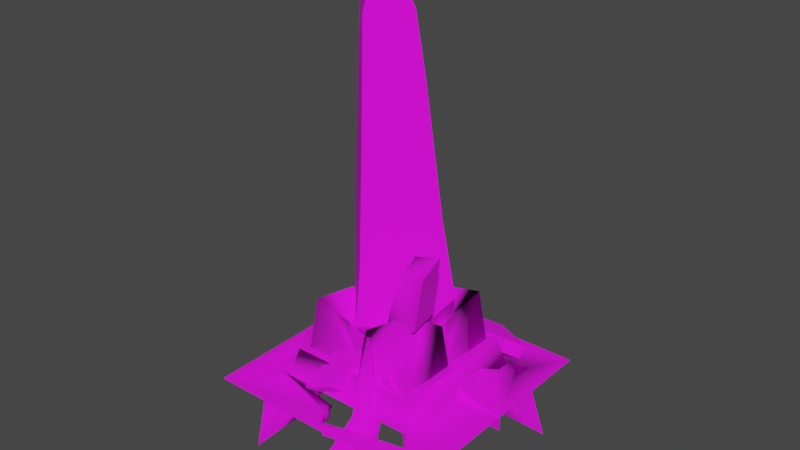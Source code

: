 # Source: obelisk_4.blend  (saved by Blender 3.4.6; exported with 4.5.12 LTS)
import bpy
from mathutils import Matrix  # noqa: F401  (used for matrix-valued properties, if any)

bpy.ops.wm.read_factory_settings(use_empty=True)
scene = bpy.context.scene
scene.name = 'Scene'

# ---- collections
col_collection = bpy.data.collections.new('Collection'); scene.collection.children.link(col_collection)
col_export = bpy.data.collections.new('Export'); scene.collection.children.link(col_export)

# ---- images (referenced by path relative to the original .blend; pixels are not part of the script)
import os
ASSET_DIR = os.environ.get("B2B_ASSET_DIR", "")  # directory of the original .blend (textures are referenced by path, not embedded)
HERE = os.path.dirname(os.path.abspath(__file__))  # packed textures are extracted next to this script under _unpacked/

def load_image(name, relpath, width, height, colorspace="sRGB"):
    """Load a texture the original file referenced (path relative to the .blend, or extracted next to this script)."""
    p = next((c for c in (os.path.join(HERE, relpath), os.path.join(ASSET_DIR, relpath)) if relpath and os.path.exists(c)), "")
    if p:
        img = bpy.data.images.load(p, check_existing=True)
        img.name = name
    else:  # same state as the original file: an image datablock whose file is absent (Cycles renders it pink)
        img = bpy.data.images.new(name, width, height)
        img.source = "FILE"
        img.filepath = "//" + (relpath or name)
    img.colorspace_settings.name = colorspace
    return img
img_obelisk_png = load_image('obelisk.png', 'obelisk.png', 1024, 1024, 'sRGB')
img_obelisk_specmask_png = load_image('obelisk_specmask.png', 'obelisk_specmask.png', 1024, 1024, 'sRGB')

# ---- materials (node trees are filled in below, after node groups)
mat_obelisk = bpy.data.materials.new('obelisk')
mat_obelisk.use_backface_culling = True
mat_obelisk.use_transparent_shadow = False

# ---- material node trees
mat_obelisk.use_nodes = True; mat_obelisk.node_tree.nodes.clear()
_N = mat_obelisk.node_tree.nodes; _L = mat_obelisk.node_tree.links
n0 = _N.new('ShaderNodeBsdfPrincipled'); n0.name = 'Principled BSDF'; n0.location = (10, 300)
n0.distribution = 'GGX'
n0.subsurface_method = 'RANDOM_WALK_SKIN'
n0.inputs[2].default_value = 1.0
n0.inputs[27].default_value = (0.0, 0.0, 0.0, 1.0)
n0.inputs[28].default_value = 1.0
n1 = _N.new('ShaderNodeOutputMaterial'); n1.name = 'Material Output'; n1.location = (320, 270)
n2 = _N.new('ShaderNodeTexImage'); n2.name = 'Image Texture'; n2.location = (-440, 210)
n2.label = 'BASE COLOR'
n2.image = img_obelisk_png
n3 = _N.new('ShaderNodeTexImage'); n3.name = 'Image Texture.001'; n3.location = (-442, -93)
n3.label = 'BASE COLOR'
n3.image = img_obelisk_specmask_png
_L.new(n0.outputs[0], n1.inputs[0])
_L.new(n2.outputs[0], n0.inputs[0])
_L.new(n2.outputs[1], n0.inputs[4])
_L.new(n3.outputs[0], n0.inputs[13])
n1.is_active_output = True

# ---- world
world_world = bpy.data.worlds.new('World'); scene.world = world_world
world_world.use_nodes = True; world_world.node_tree.nodes.clear()
_N = world_world.node_tree.nodes; _L = world_world.node_tree.links
n0 = _N.new('ShaderNodeOutputWorld'); n0.name = 'World Output'; n0.location = (300, 300)
n1 = _N.new('ShaderNodeBackground'); n1.name = 'Background'; n1.location = (10, 300)
n1.inputs[0].default_value = (0.05088, 0.05088, 0.05088, 1.0)
_L.new(n1.outputs[0], n0.inputs[0])
n0.is_active_output = True
world_world.color = (0.05088, 0.05088, 0.05088)
world_world.use_sun_shadow = False
world_world.sun_shadow_jitter_overblur = 0.0

# ---- meshes
me_rsrc_world_prop_generic_obsidian_obelisk_obelisk_base_meshsets = bpy.data.meshes.new('rsrc.world.prop.generic.obsidian_obelisk.obelisk_base-MeshSets[')
me_rsrc_world_prop_generic_obsidian_obelisk_obelisk_base_meshsets.from_pydata([(-0.2251, -0.1574, 0.6228), (-0.3693, -0.07931, 0.8491), (-0.5545, 0.002982, 0.7027), (-0.4536, -0.242, 0.4373), (-0.2924, 0.005913, 0.7997), (-0.4776, 0.0882, 0.6533), (-0.302, -0.2426, 0.6722), (-0.3766, -0.1568, 0.3879), (0.6856, -0.02371, 0.718), (0.7145, -0.1384, 0.7584), (0.4412, -0.2823, 0.5458), (0.1145, -0.2134, 0.5885), (0.3879, -0.06953, 0.8011), (0.1434, -0.3281, 0.6289), (0.4168, -0.1842, 0.8415), (0.4123, -0.1676, 0.5054), (-0.5109, 0.05018, 0.573), (-0.6875, -1e-08, 0.75), (0.5831, 0.025, 0.0), (0.6235, -0.08919, 0.01), (0.5166, -0.2414, 0.02), (0.4034, -0.1886, 0.02), (0.5109, 0.05018, -0.573), (0.5432, -0.07056, -0.573), (0.6875, -1e-08, -0.75), (-0.6235, -0.08919, -0.01), (-0.5831, 0.025, 0.0), (-0.5166, -0.2414, -0.02), (-0.4034, -0.1886, -0.02), (0.2378, -0.2479, -0.5123), (0.2768, -0.42, -0.2621), (0.546, -0.1645, -0.3157), (0.462, -0.07302, -0.3022), (0.1927, -0.3285, -0.2485), (0.4173, -0.07755, -0.5481), (0.3219, -0.3393, -0.5259), (-0.08402, -0.1616, -0.6942), (-0.3703, -0.03676, -0.7041), (0.03062, -0.4446, -0.4765), (-0.2232, -0.2382, -0.3975), (-0.6875, 0.125, 0.75), (0.0, 0.0, 0.91), (0.4034, -0.1886, 0.125), (0.6875, 0.125, -0.75), (-0.4034, -0.1886, -0.125), (0.5014, -0.169, -0.5617), (-0.2557, -0.3198, -0.4864), (0.06314, -0.3631, -0.3876), (-0.0515, -0.08005, -0.6053), (-0.3378, 0.04483, -0.6152), (-0.5538, 0.08537, 0.0), (-0.711, 0.125, 0.0), (-1.0, 0.125, 0.0), (0.0, 0.125, 0.91), (0.07735, 0.1106, 0.8378), (0.1562, 0.1775, 0.6584), (0.2759, 0.2704, 0.5661), (0.6327, 0.05937, 0.43), (0.5006, -0.02265, 0.25), (0.5166, -0.2414, 0.125), (0.7508, 0.09058, 0.0), (0.25, 0.1825, 0.5339), (0.5149, 0.1631, 0.6191), (0.75, 0.125, 0.625), (0.5538, 0.08537, 0.0), (0.711, 0.0, 0.0), (0.711, 0.125, 0.0), (1.0, 0.125, 0.0), (0.0, 0.125, -0.91), (-0.07735, 0.1106, -0.8378), (-0.1562, 0.1775, -0.6584), (-0.1562, 0.0525, -0.6584), (-0.2759, 0.2704, -0.5661), (-0.25, 0.1825, -0.5339), (-0.75, 0.125, -0.625), (-0.6327, 0.05937, -0.43), (-0.6651, -0.06137, -0.43), (-0.5006, -0.02265, -0.25), (-0.5166, -0.2414, -0.125), (-0.7508, 0.09058, 0.0), (-0.5148, 0.1631, -0.6191), (-0.148, 0.845, -1.002), (0.07231, 0.2882, -1.002), (0.1009, -0.6239, -0.5244), (0.3168, 0.3064, -0.9985), (0.5619, 0.2126, 0.445), (0.369, 0.2194, 0.4583), (0.3398, 0.3064, 1.022), (0.2569, 0.8631, 1.03), (-1.002, 0.845, -0.136), (-1.002, 0.2882, -0.3563), (-0.2748, -0.3471, -0.3879), (-0.4869, 0.2385, -0.5575), (0.5723, -0.125, 0.25), (0.7858, -0.02902, 0.0), (0.6651, -0.06137, 0.43), (1.0, 0.0, 0.0), (0.75, 2e-08, 0.625), (1.0, 0.0, 1.0), (0.0625, -1e-08, 0.8147), (0.5, 0.0525, 0.5959), (0.0, 0.0, 1.0), (0.1562, 0.0525, 0.6584), (-1.0, 0.0, 1.0), (-0.711, 0.0, 0.0), (-0.5862, -0.03537, 0.0), (-0.5432, -0.07056, 0.573), (-0.5723, -0.125, -0.25), (-0.7858, -0.02902, 0.0), (-1.0, 0.0, 0.0), (-0.75, 2e-08, -0.625), (-1.0, 0.0, -1.0), (-0.0625, -1e-08, -0.8147), (-0.5, 0.0525, -0.5959), (0.0, 0.0, -1.0), (0.0, 0.0, -0.91), (1.0, 0.0, -1.0), (0.5862, -0.03537, 0.0), (0.1181, 0.01358, -0.6975), (0.28, 0.02067, -0.6935), (0.1485, -0.6226, -0.5215), (0.1076, 0.07004, -0.5879), (0.3009, 0.07689, -0.5843), (0.4, 0.8631, -0.9985), (0.561, 0.1561, 0.5551), (0.5836, 0.2882, 1.004), (0.3994, 0.1632, 0.5652), (0.3688, -0.3389, 0.1631), (0.4165, -0.3402, 0.1618), (0.8031, 0.845, 0.9848), (-1.0, 0.2977, -0.5415), (-0.6, 0.1752, -0.3746), (-0.596, 0.1823, -0.5365), (-0.2719, -0.3459, -0.4355), (-0.4904, 0.2316, -0.3642), (-0.9985, 0.8631, -0.684)], [], [(0, 4, 1), (0, 1, 6), (6, 1, 2), (6, 2, 3), (3, 2, 5), (3, 5, 7), (7, 5, 4), (7, 4, 0), (4, 5, 2), (4, 2, 1), (7, 0, 6), (7, 6, 3), (8, 12, 14), (8, 14, 9), (10, 13, 11), (10, 11, 15), (15, 11, 12), (15, 12, 8), (12, 11, 13), (12, 13, 14), (15, 8, 9), (15, 9, 10), (106, 16, 40), (106, 40, 17), (94, 19, 18), (18, 19, 20), (18, 20, 21), (23, 22, 43), (23, 43, 24), (108, 25, 26), (26, 25, 27), (26, 27, 28), (29, 34, 45), (29, 45, 35), (30, 31, 32), (30, 32, 33), (33, 32, 34), (33, 34, 29), (34, 32, 31), (34, 31, 45), (33, 29, 35), (33, 35, 30), (49, 48, 36), (49, 36, 37), (48, 47, 38), (48, 38, 36), (39, 49, 37), (39, 37, 46), (9, 14, 13), (9, 13, 10), (105, 50, 16), (105, 16, 106), (17, 40, 53), (17, 53, 41), (59, 42, 21), (59, 21, 20), (117, 64, 22), (117, 22, 23), (24, 43, 68), (24, 68, 115), (78, 44, 28), (78, 28, 27), (35, 45, 31), (35, 31, 30), (37, 36, 38), (37, 38, 46), (46, 38, 47), (46, 47, 39), (39, 47, 48), (39, 48, 49), (50, 105, 104), (50, 104, 51), (51, 104, 109), (51, 109, 52), (41, 53, 54), (41, 54, 99), (99, 54, 55), (99, 55, 102), (102, 55, 56), (102, 56, 61), (97, 63, 57), (97, 57, 95), (95, 57, 58), (95, 58, 93), (93, 58, 42), (93, 42, 59), (94, 18, 60), (96, 94, 60), (96, 60, 67), (61, 56, 62), (61, 62, 100), (100, 62, 63), (100, 63, 97), (64, 117, 65), (64, 65, 66), (66, 65, 96), (66, 96, 67), (115, 68, 69), (115, 69, 112), (112, 69, 70), (112, 70, 71), (71, 70, 72), (71, 72, 73), (110, 74, 75), (110, 75, 76), (76, 75, 77), (76, 77, 107), (107, 77, 44), (107, 44, 78), (108, 26, 79), (109, 108, 79), (109, 79, 52), (73, 72, 80), (73, 80, 113), (113, 80, 74), (113, 74, 110), (81, 82, 118), (81, 118, 121), (121, 118, 83), (120, 119, 122), (122, 119, 84), (122, 84, 123), (129, 125, 124), (129, 124, 85), (85, 124, 128), (127, 126, 86), (86, 126, 87), (86, 87, 88), (89, 90, 131), (89, 131, 134), (134, 131, 91), (133, 132, 92), (92, 132, 130), (92, 130, 135), (19, 59, 20), (19, 93, 59), (94, 93, 19), (94, 95, 93), (96, 95, 94), (96, 97, 95), (98, 97, 96), (99, 97, 98), (100, 97, 99), (99, 98, 101), (100, 99, 102), (61, 100, 102), (99, 101, 41), (17, 41, 101), (17, 101, 103), (17, 103, 109), (17, 109, 104), (17, 104, 105), (17, 105, 106), (25, 78, 27), (25, 107, 78), (108, 107, 25), (108, 76, 107), (109, 76, 108), (109, 110, 76), (111, 110, 109), (112, 110, 111), (113, 110, 112), (112, 111, 114), (113, 112, 71), (73, 113, 71), (112, 114, 115), (24, 115, 114), (24, 114, 116), (24, 116, 96), (24, 96, 65), (24, 65, 117), (24, 117, 23), (84, 118, 82), (84, 119, 118), (118, 119, 120), (118, 120, 83), (120, 121, 83), (120, 122, 121), (121, 122, 123), (121, 123, 81), (87, 124, 125), (87, 126, 124), (124, 126, 127), (124, 127, 128), (127, 85, 128), (127, 86, 85), (85, 86, 88), (85, 88, 129), (130, 131, 90), (130, 132, 131), (131, 132, 133), (131, 133, 91), (133, 134, 91), (133, 92, 134), (134, 92, 135), (134, 135, 89)])
me_rsrc_world_prop_generic_obsidian_obelisk_obelisk_base_meshsets.polygons.foreach_set('use_smooth', [0, 0, 0, 0, 0, 0, 0, 0, 0, 0, 0, 1, 0, 0, 0, 0, 0, 0, 0, 0, 0, 0, 0, 0, 0, 1, 0, 0, 0, 0, 1, 0, 0, 0, 1, 0, 0, 0, 0, 0, 0, 0, 1, 0, 0, 0, 0, 0, 1, 0, 0, 0, 0, 0, 0, 0, 0, 0, 0, 0, 1, 1, 0, 1, 0, 0, 0, 0, 0, 0, 0, 0, 0, 0, 1, 1, 1, 1, 1, 1, 1, 1, 1, 1, 1, 1, 0, 0, 0, 1, 1, 1, 1, 0, 0, 0, 0, 1, 1, 1, 1, 1, 1, 1, 1, 1, 1, 1, 1, 0, 0, 0, 1, 1, 1, 1, 1, 1, 1, 1, 1, 1, 1, 1, 1, 1, 1, 1, 1, 1, 1, 1, 1, 1, 1, 1, 1, 1, 1, 1, 1, 1, 1, 1, 1, 1, 1, 1, 1, 1, 1, 1, 1, 1, 1, 1, 1, 1, 1, 1, 1, 1, 1, 1, 1, 1, 1, 1, 1, 1, 1, 1, 1, 1, 1, 1, 1, 1, 1, 1, 1, 1, 1, 1, 1, 1, 1, 1, 1, 1, 1, 1, 1, 1, 1, 1])
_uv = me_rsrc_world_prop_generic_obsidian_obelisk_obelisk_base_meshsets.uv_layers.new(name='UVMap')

------------

WHAT YOU WILL DO:
In the records above, take every line from the opening one through the line with "mat_obelisk.node_tree.nodes; _L = mat_obelisk.node_tree.links" and repeat it exactly; pictures are not part of the copy.

REPLY:
Source code

: # Source: obelisk_4.blend  (saved by Blender 3.4.6; exported with 4.5.12 LTS)
import bpy
from mathutils import Matrix  # noqa: F401  (used for matrix-valued properties, if any)

bpy.ops.wm.read_factory_settings(use_empty=True)
scene = bpy.context.scene
scene.name = 'Scene'

# ---- collections
col_collection = bpy.data.collections.new('Collection'); scene.collection.children.link(col_collection)
col_export = bpy.data.collections.new('Export'); scene.collection.children.link(col_export)

# ---- images (referenced by path relative to the original .blend; pixels are not part of the script)
import os
ASSET_DIR = os.environ.get("B2B_ASSET_DIR", "")  # directory of the original .blend (textures are referenced by path, not embedded)
HERE = os.path.dirname(os.path.abspath(__file__))  # packed textures are extracted next to this script under _unpacked/

def load_image(name, relpath, width, height, colorspace="sRGB"):
    """Load a texture the original file referenced (path relative to the .blend, or extracted next to this script)."""
    p = next((c for c in (os.path.join(HERE, relpath), os.path.join(ASSET_DIR, relpath)) if relpath and os.path.exists(c)), "")
    if p:
        img = bpy.data.images.load(p, check_existing=True)
        img.name = name
    else:  # same state as the original file: an image datablock whose file is absent (Cycles renders it pink)
        img = bpy.data.images.new(name, width, height)
        img.source = "FILE"
        img.filepath = "//" + (relpath or name)
    img.colorspace_settings.name = colorspace
    return img
img_obelisk_png = load_image('obelisk.png', 'obelisk.png', 1024, 1024, 'sRGB')
img_obelisk_specmask_png = load_image('obelisk_specmask.png', 'obelisk_specmask.png', 1024, 1024, 'sRGB')

# ---- materials (node trees are filled in below, after node groups)
mat_obelisk = bpy.data.materials.new('obelisk')
mat_obelisk.use_backface_culling = True
mat_obelisk.use_transparent_shadow = False

# ---- material node trees
mat_obelisk.use_nodes = True; mat_obelisk.node_tree.nodes.clear()
_N = mat_obelisk.node_tree.nodes; _L = mat_obelisk.node_tree.links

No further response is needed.